I currently work in the IT industry, and after taking the Self-assessment test for Skilled workers and professionals I think I qualify for a work Visa. I got 74 points providing I have secured work.

I have a few ties in the UK, i.e joint mortgage with my house mate and 2 cats.

My first concern is my house. My house mate could not afford to take on the mortgage alone and I wouldn't dream of doing a runner. Does anyone have any experience with keeping properties as an investment while they are out of the country or is there anywhere I could approach another person to take on my share of the mortgage, relinquishing me of all responsibility?

Do Canada allow foreign pets into the country? I have two cats.

Finding somewhere to live in Kelowna is not a problem as I will live with my partner. So what do I need to seriously consider and in what order?
Do I move and then look for a job or should I secure a job before I decide to move?

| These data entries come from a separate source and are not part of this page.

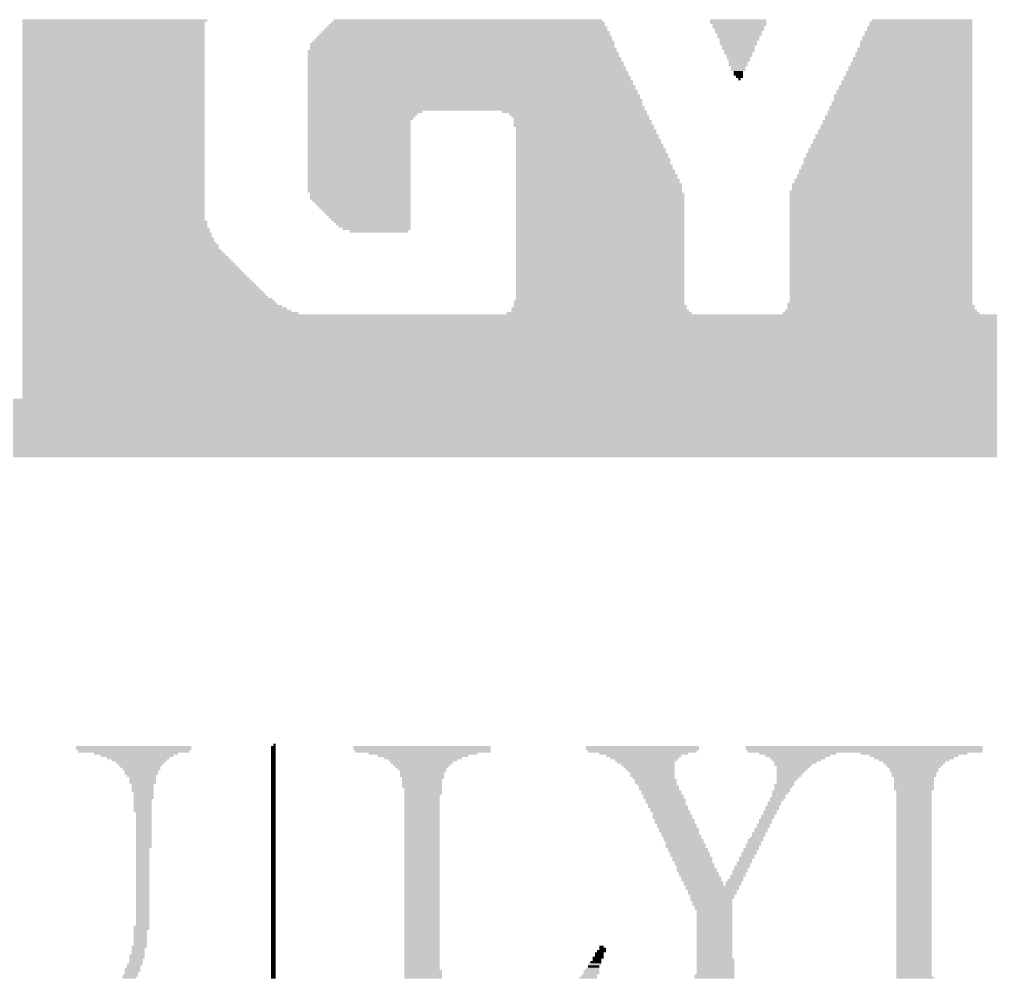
# Model space of a CAD drawing. Extents: x 0 to 49.2, y 3.8 to 49.5.
# Drawn here: x 20.64 to 32.35, y 26.66 to 38.2 of the extents above; entities that cross this region are included whole.
import ezdxf

# ---------------------------------------------------------------- set-up
doc = ezdxf.new("R2010")
doc.units = 0
doc.layers.add('200', color=7, linetype='CONTINUOUS')
doc.layers.add('201', color=7, linetype='CONTINUOUS')

# ---------------------------------------------------------------- blocks, each defined once
blk = doc.blocks.new('RECT')
blk.add_solid([(-0.5, -0.5), (0.5, -0.5), (-0.5, 0.5), (0.5, 0.5)])

msp = doc.modelspace()

# ---------------------------------------------------------------- block references
at = {"layer": '200'}
for p, xscale, yscale in [((22.0175, 29.426), 1.3894, 0.0267), ((22.0175, 29.3992), 1.3894, 0.0269), ((23.7015, 29.426), 0.0533, 0.0267), ((23.7015, 29.3992), 0.0533, 0.0269), ((23.7155, 29.4526), 0.0254, 0.0267), ((25.4935, 29.426), 1.6561, 0.0267), ((25.4935, 29.3992), 1.6561, 0.0269), ((28.1541, 29.426), 1.364, 0.0267), ((28.1541, 29.3992), 1.364, 0.0269), ((30.8275, 29.426), 2.86, 0.0267), ((30.8275, 29.3992), 2.86, 0.0269), ((22.0175, 29.3724), 1.3386, 0.0267), ((22.0442, 29.3457), 1.016, 0.0267), ((22.0581, 29.319), 0.8814, 0.0267), ((22.0708, 29.2922), 0.7493, 0.0269), ((23.7015, 29.3724), 0.0533, 0.0267), ((23.7015, 29.3457), 0.0533, 0.0267), ((23.7015, 29.319), 0.0533, 0.0267), ((23.7015, 29.2922), 0.0533, 0.0269), ((25.5062, 29.3724), 1.6307, 0.0267), ((25.5062, 29.3457), 1.3106, 0.0267), ((25.5062, 29.319), 1.0973, 0.0267), ((25.5062, 29.2922), 0.9347, 0.0269), ((28.1529, 29.3724), 1.3106, 0.0267), ((28.1668, 29.3457), 1.0693, 0.0267), ((28.1668, 29.319), 0.9068, 0.0267), ((28.1808, 29.2922), 0.828, 0.0269), ((30.8402, 29.3724), 2.8346, 0.0267), ((30.0248, 29.3457), 0.9347, 0.0267), ((30.0248, 29.319), 0.7772, 0.0267), ((30.0248, 29.2922), 0.6706, 0.0269), ((31.4282, 29.3457), 1.2827, 0.0267), ((31.4282, 29.319), 1.0693, 0.0267), ((31.4282, 29.2922), 0.9627, 0.0269), ((22.0835, 29.2654), 0.668, 0.0267), ((22.0975, 29.2388), 0.5893, 0.0267), ((22.0975, 29.2121), 0.5334, 0.0267), ((22.0975, 29.1853), 0.4826, 0.0269), ((22.1115, 29.1585), 0.4547, 0.0267), ((23.7015, 29.2654), 0.0533, 0.0267), ((23.7015, 29.2388), 0.0533, 0.0267), ((23.7015, 29.2121), 0.0533, 0.0267), ((23.7015, 29.1853), 0.0533, 0.0269), ((23.7015, 29.1585), 0.0533, 0.0267), ((25.5062, 29.2654), 0.828, 0.0267), ((25.4922, 29.2388), 0.7493, 0.0267), ((25.4935, 29.2121), 0.696, 0.0267), ((25.4935, 29.1853), 0.6401, 0.0269), ((25.4935, 29.1585), 0.5893, 0.0267), ((28.1935, 29.2654), 0.7468, 0.0267), ((28.1935, 29.2388), 0.696, 0.0267), ((28.2202, 29.2121), 0.6426, 0.0267), ((28.2341, 29.1853), 0.6147, 0.0269), ((28.2468, 29.1585), 0.5893, 0.0267), ((30.0121, 29.2654), 0.5893, 0.0267), ((29.9994, 29.2388), 0.508, 0.0267), ((29.9715, 29.2121), 0.4521, 0.0267), ((29.9715, 29.1853), 0.4013, 0.0269), ((29.9575, 29.1585), 0.3734, 0.0267), ((31.4282, 29.2654), 0.856, 0.0267), ((31.4282, 29.2388), 0.7493, 0.0267), ((31.4295, 29.2121), 0.696, 0.0267), ((31.4282, 29.1853), 0.6426, 0.0269), ((31.4282, 29.1585), 0.5867, 0.0267), ((22.1102, 29.1318), 0.4013, 0.0267), ((22.1102, 29.1052), 0.4013, 0.0267), ((22.1115, 29.0784), 0.348, 0.0269), ((22.1242, 29.0516), 0.3226, 0.0267), ((23.7015, 29.1318), 0.0533, 0.0267), ((23.7015, 29.1052), 0.0533, 0.0267), ((23.7015, 29.0784), 0.0533, 0.0269), ((23.7015, 29.0516), 0.0533, 0.0267), ((25.5074, 29.1318), 0.5613, 0.0267), ((25.4935, 29.1052), 0.5334, 0.0267), ((25.4935, 29.0784), 0.5334, 0.0269), ((25.5062, 29.0516), 0.508, 0.0267), ((28.2608, 29.1318), 0.5613, 0.0267), ((28.2735, 29.1052), 0.5359, 0.0267), ((28.2735, 29.0784), 0.5359, 0.0269), ((28.2875, 29.0516), 0.508, 0.0267), ((29.9448, 29.1318), 0.348, 0.0267), ((29.9042, 29.0516), 0.2667, 0.0267), ((29.9309, 29.1052), 0.32, 0.0267), ((29.9182, 29.0784), 0.2946, 0.0269), ((31.4282, 29.1318), 0.5867, 0.0267), ((31.4282, 29.1052), 0.5359, 0.0267), ((31.4282, 29.0784), 0.5359, 0.0269), ((31.4282, 29.0516), 0.4801, 0.0267), ((22.1242, 29.0249), 0.3226, 0.0267), ((22.1242, 28.9981), 0.3226, 0.0269), ((22.1242, 28.9713), 0.2667, 0.0267), ((22.1242, 28.9446), 0.2667, 0.0267), ((23.7015, 29.0249), 0.0533, 0.0267), ((23.7015, 28.9981), 0.0533, 0.0269), ((23.7015, 28.9713), 0.0533, 0.0267), ((23.7015, 28.9446), 0.0533, 0.0267), ((25.4935, 29.0249), 0.4826, 0.0267), ((25.4935, 28.9981), 0.4826, 0.0269), ((25.4935, 28.9713), 0.4826, 0.0267), ((25.4935, 28.9446), 0.4826, 0.0267), ((28.3129, 29.0249), 0.508, 0.0267), ((28.3129, 28.9981), 0.508, 0.0269), ((28.3268, 28.9713), 0.4801, 0.0267), ((28.3535, 28.9446), 0.4826, 0.0267), ((29.8648, 28.9713), 0.2388, 0.0267), ((29.8521, 28.9446), 0.2134, 0.0267), ((29.8915, 29.0249), 0.2413, 0.0267), ((29.8775, 28.9981), 0.2134, 0.0269), ((31.4282, 29.0249), 0.4801, 0.0267), ((31.4282, 28.9981), 0.4801, 0.0269), ((31.4282, 28.9713), 0.4801, 0.0267), ((31.4282, 28.9446), 0.4801, 0.0267), ((22.1242, 28.918), 0.2667, 0.0267), ((22.1242, 28.8912), 0.2667, 0.0269), ((22.1369, 28.8644), 0.2413, 0.0267), ((22.1369, 28.8377), 0.2413, 0.0267), ((22.1369, 28.811), 0.2413, 0.0267), ((23.7015, 28.918), 0.0533, 0.0267), ((23.7015, 28.8912), 0.0533, 0.0269), ((23.7015, 28.8644), 0.0533, 0.0267), ((23.7015, 28.8377), 0.0533, 0.0267), ((23.7015, 28.811), 0.0533, 0.0267), ((25.5074, 28.918), 0.4547, 0.0267), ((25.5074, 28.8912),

Any guidance and support would be appreciated. Thank you.


----------



## Brockthebadger (May 11, 2012)

Hi

Kelowna is beautiful.

Start with looking for a job first.

No problem bringing cats into the country.

Good luck


----------



## Auld Yin (Mar 10, 2009)

JessicaJ said:


> Hi guys, I'm looking for some advice to get me started.
> I am looking to move to Kelowna BC within the next 12 months to live with my partner.
> She is Canadian and but I only have a UK passport.
> 
> ...


The new list for Skilled Worker Visas is not expected until January. It is not known at this point whether IT workers will be on the list. If they are and your work experience is acceptable then you could apply for a PR (Permanent Resident) visa. If not then you'll need to marry your partner and have her do a Spousal sponsorship, otherwise live together (common-law) for 12 consecutive months and then do the Spousal thing. During this time you cannot work. The other alternative is to find pre-arranged employment, have the employer do a LMO and, if successful, you could come on a two year TWP (Temporary Work Permit).
Many people bring their pets to Canada, so not a problem.
Many immigrants retained their UK property and rent them out so again, not a problem.
As far as finding someone to assume your share of the mortgage that's something for your UK mortgagor to deal with. Is it a joint mortgage or registered Tenants in Common? It's not a simple transaction.


----------



## JessicaJ (Nov 19, 2012)

Brockthebadger said:


> Hi
> 
> Kelowna is beautiful.
> 
> ...


I have heard that, I haven't visited yet but I have been assured that I will love it.
I have started to apply for jobs but I'm a little dubious if they will take my applications seriously if I don't already have the right to work there.
Thank you for your help!


----------



## JessicaJ (Nov 19, 2012)

Auld Yin said:


> The new list for Skilled Worker Visas is not expected until January. It is not known at this point whether IT workers will be on the list. If they are and your work experience is acceptable then you could apply for a PR (Permanent Resident) visa. If not then you'll need to marry your partner and have her do a Spousal sponsorship, otherwise live together (common-law) for 12 consecutive months and then do the Spousal thing. During this time you cannot work. The other alternative is to find pre-arranged employment, have the employer do a LMO and, if successful, you could come on a two year TWP (Temporary Work Permit).
> Many people bring their pets to Canada, so not a problem.
> Many immigrants retained their UK property and rent them out so again, not a problem.
> As far as finding someone to assume your share of the mortgage that's something for your UK mortgagor to deal with. Is it a joint mortgage or registered Tenants in Common? It's not a simple transaction.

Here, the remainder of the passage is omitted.